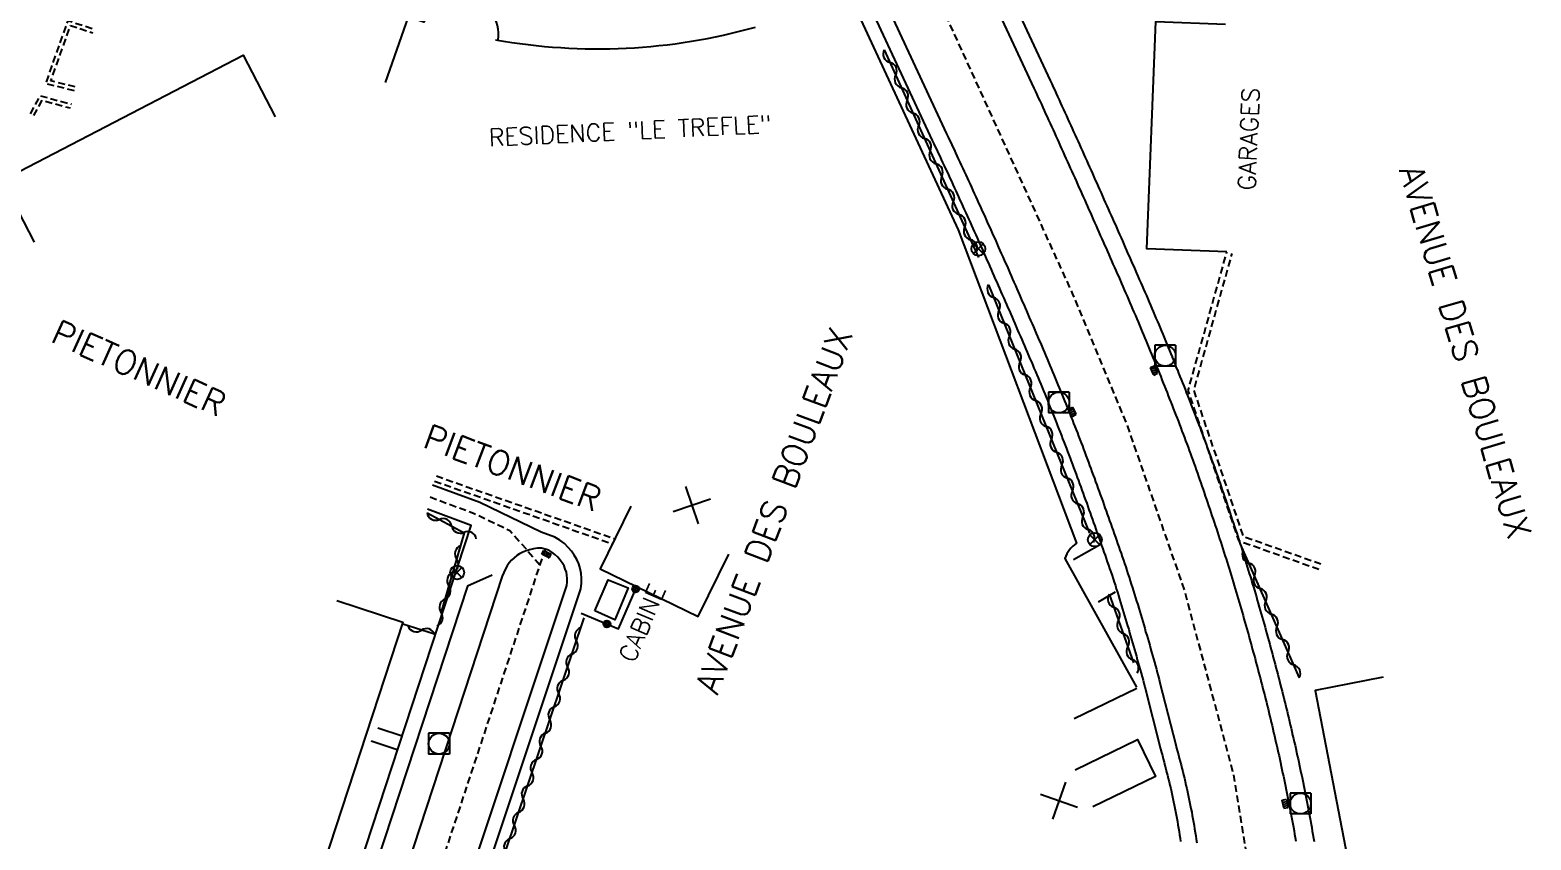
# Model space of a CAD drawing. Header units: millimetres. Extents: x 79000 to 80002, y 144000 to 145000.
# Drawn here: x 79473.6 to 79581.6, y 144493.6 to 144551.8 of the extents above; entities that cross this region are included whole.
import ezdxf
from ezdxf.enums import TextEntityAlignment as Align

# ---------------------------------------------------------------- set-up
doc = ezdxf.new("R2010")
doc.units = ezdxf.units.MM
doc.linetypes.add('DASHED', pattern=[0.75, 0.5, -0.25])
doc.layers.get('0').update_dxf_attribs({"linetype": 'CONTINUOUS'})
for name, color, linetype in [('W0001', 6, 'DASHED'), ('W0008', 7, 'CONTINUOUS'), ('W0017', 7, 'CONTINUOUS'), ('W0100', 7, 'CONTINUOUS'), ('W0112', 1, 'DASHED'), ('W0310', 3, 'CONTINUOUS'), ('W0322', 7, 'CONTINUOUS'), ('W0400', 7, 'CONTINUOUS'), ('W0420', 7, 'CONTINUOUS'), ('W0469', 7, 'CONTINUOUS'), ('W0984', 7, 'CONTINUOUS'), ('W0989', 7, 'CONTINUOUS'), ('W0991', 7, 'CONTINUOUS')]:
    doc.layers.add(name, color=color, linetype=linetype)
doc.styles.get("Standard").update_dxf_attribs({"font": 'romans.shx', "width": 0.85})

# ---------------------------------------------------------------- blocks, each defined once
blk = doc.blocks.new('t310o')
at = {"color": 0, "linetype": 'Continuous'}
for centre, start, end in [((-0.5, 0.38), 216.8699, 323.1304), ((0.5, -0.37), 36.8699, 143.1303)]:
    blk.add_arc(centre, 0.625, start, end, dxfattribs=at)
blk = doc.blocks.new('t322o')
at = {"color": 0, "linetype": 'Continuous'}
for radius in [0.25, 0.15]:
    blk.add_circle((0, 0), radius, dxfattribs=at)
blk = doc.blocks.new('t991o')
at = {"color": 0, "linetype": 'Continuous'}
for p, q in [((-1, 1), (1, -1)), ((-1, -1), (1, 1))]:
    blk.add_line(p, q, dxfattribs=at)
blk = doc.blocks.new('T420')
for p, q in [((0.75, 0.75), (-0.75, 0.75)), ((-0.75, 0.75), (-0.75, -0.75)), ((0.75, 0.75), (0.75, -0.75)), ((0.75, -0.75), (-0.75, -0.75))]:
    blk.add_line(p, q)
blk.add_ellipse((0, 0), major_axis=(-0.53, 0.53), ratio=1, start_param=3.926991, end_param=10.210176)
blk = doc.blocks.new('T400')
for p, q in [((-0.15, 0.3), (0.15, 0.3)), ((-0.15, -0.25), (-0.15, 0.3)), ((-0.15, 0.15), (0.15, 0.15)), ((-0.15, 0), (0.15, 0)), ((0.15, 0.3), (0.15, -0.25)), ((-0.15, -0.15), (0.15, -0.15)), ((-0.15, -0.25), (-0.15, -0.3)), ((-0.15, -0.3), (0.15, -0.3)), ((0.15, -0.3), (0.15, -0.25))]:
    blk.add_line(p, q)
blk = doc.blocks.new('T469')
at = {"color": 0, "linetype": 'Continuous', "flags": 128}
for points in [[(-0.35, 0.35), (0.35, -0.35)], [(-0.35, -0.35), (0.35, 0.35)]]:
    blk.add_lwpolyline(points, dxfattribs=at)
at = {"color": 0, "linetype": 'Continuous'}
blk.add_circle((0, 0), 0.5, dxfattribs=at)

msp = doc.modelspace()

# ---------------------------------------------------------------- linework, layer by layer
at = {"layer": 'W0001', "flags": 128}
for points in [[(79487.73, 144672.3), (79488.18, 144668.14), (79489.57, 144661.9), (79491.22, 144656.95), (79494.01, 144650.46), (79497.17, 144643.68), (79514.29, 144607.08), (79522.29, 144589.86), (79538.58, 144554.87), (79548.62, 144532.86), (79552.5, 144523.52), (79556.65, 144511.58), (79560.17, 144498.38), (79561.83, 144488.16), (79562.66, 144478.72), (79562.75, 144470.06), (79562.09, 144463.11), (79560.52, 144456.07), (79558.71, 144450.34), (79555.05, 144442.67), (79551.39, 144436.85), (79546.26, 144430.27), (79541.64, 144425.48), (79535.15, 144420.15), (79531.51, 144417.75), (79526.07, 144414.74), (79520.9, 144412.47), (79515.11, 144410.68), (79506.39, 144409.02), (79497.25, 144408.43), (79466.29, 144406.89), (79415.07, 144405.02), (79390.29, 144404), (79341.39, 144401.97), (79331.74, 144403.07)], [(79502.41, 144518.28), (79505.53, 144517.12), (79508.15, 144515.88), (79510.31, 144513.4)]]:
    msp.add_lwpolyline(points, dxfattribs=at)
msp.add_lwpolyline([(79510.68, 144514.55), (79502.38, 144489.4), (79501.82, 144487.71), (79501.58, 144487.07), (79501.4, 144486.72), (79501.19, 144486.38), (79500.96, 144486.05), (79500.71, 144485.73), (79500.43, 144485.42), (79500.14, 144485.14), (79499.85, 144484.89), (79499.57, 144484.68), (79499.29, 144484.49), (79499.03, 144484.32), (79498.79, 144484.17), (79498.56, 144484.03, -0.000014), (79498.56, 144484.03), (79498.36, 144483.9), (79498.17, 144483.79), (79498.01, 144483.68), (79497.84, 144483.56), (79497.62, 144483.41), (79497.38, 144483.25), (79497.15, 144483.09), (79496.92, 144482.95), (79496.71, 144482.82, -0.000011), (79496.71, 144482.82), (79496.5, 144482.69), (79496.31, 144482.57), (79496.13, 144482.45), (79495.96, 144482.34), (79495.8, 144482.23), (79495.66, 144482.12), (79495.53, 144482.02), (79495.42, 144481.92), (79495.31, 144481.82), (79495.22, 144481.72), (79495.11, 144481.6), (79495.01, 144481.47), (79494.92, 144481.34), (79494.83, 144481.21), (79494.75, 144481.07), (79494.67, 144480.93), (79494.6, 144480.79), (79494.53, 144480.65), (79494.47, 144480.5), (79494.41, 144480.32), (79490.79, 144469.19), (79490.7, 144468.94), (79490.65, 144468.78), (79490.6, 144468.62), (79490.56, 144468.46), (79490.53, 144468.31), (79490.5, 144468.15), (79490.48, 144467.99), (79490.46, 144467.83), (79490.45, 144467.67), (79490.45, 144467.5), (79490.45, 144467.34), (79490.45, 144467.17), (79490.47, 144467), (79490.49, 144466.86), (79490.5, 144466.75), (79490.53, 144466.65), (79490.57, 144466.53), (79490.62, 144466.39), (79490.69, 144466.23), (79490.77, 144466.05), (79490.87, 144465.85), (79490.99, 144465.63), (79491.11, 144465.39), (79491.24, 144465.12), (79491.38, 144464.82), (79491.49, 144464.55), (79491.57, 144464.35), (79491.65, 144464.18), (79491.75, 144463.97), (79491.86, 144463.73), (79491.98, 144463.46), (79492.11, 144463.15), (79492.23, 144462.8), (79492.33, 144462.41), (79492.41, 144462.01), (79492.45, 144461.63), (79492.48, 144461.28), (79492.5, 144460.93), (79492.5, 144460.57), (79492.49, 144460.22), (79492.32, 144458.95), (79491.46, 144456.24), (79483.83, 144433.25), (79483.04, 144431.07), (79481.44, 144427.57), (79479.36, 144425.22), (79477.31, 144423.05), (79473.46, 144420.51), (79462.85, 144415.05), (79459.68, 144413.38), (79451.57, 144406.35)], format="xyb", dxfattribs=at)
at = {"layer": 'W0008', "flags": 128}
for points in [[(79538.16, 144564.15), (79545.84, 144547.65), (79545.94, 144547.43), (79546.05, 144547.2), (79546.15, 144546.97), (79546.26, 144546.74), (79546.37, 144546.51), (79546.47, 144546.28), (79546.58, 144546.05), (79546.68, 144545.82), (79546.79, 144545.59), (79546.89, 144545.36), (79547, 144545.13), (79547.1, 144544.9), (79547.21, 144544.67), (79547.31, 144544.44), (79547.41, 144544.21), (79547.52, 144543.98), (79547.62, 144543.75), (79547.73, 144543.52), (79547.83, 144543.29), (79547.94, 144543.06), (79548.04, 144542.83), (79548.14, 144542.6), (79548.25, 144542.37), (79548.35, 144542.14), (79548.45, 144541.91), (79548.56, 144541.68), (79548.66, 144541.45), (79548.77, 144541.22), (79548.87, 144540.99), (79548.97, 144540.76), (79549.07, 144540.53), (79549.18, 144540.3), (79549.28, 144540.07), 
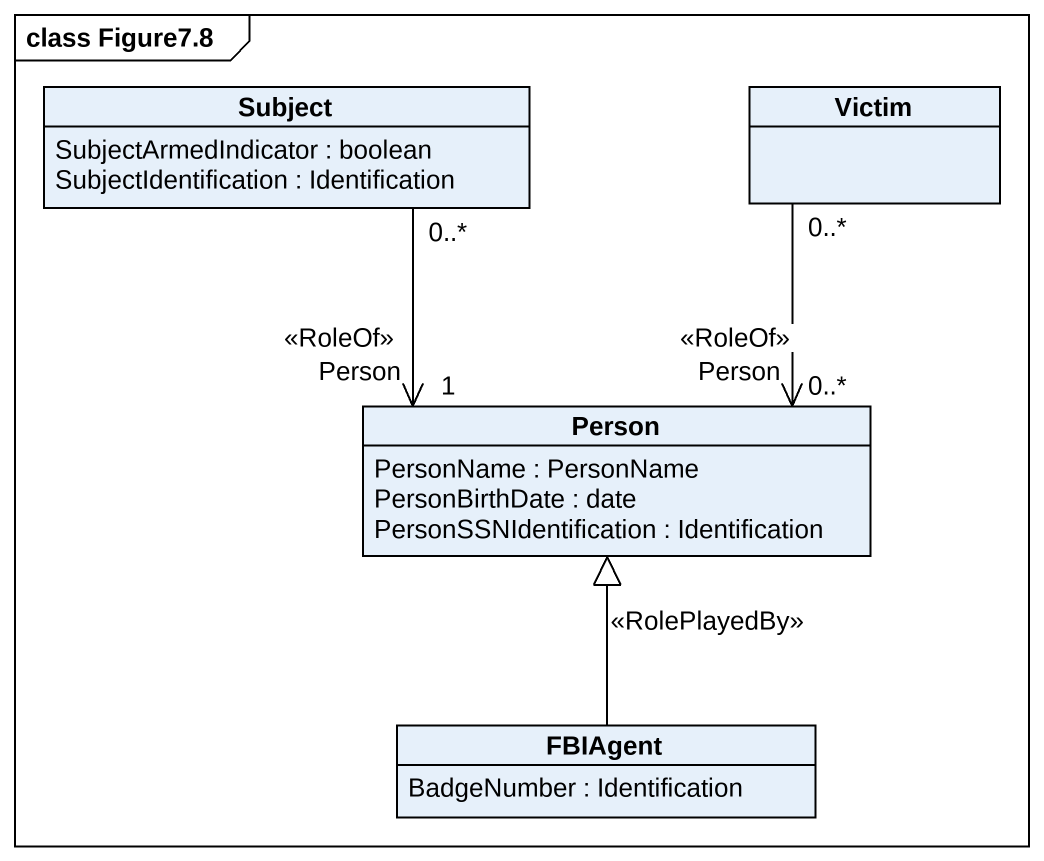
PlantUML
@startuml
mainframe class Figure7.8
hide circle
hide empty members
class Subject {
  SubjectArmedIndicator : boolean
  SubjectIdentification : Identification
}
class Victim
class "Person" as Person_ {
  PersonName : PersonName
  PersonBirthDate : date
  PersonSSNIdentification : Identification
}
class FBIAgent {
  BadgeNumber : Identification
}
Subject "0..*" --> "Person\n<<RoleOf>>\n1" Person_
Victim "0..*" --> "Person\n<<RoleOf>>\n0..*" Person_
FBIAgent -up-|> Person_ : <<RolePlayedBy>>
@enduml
+ + + + + + +
▶ ACTIVITY: Scan the listing above. Gather each line that contains the word "radius".

▶ ANSWER SECTION:
for radius in [0.25, 0.15]:
    blk.add_circle((0, 0), radius, dxfattribs=at)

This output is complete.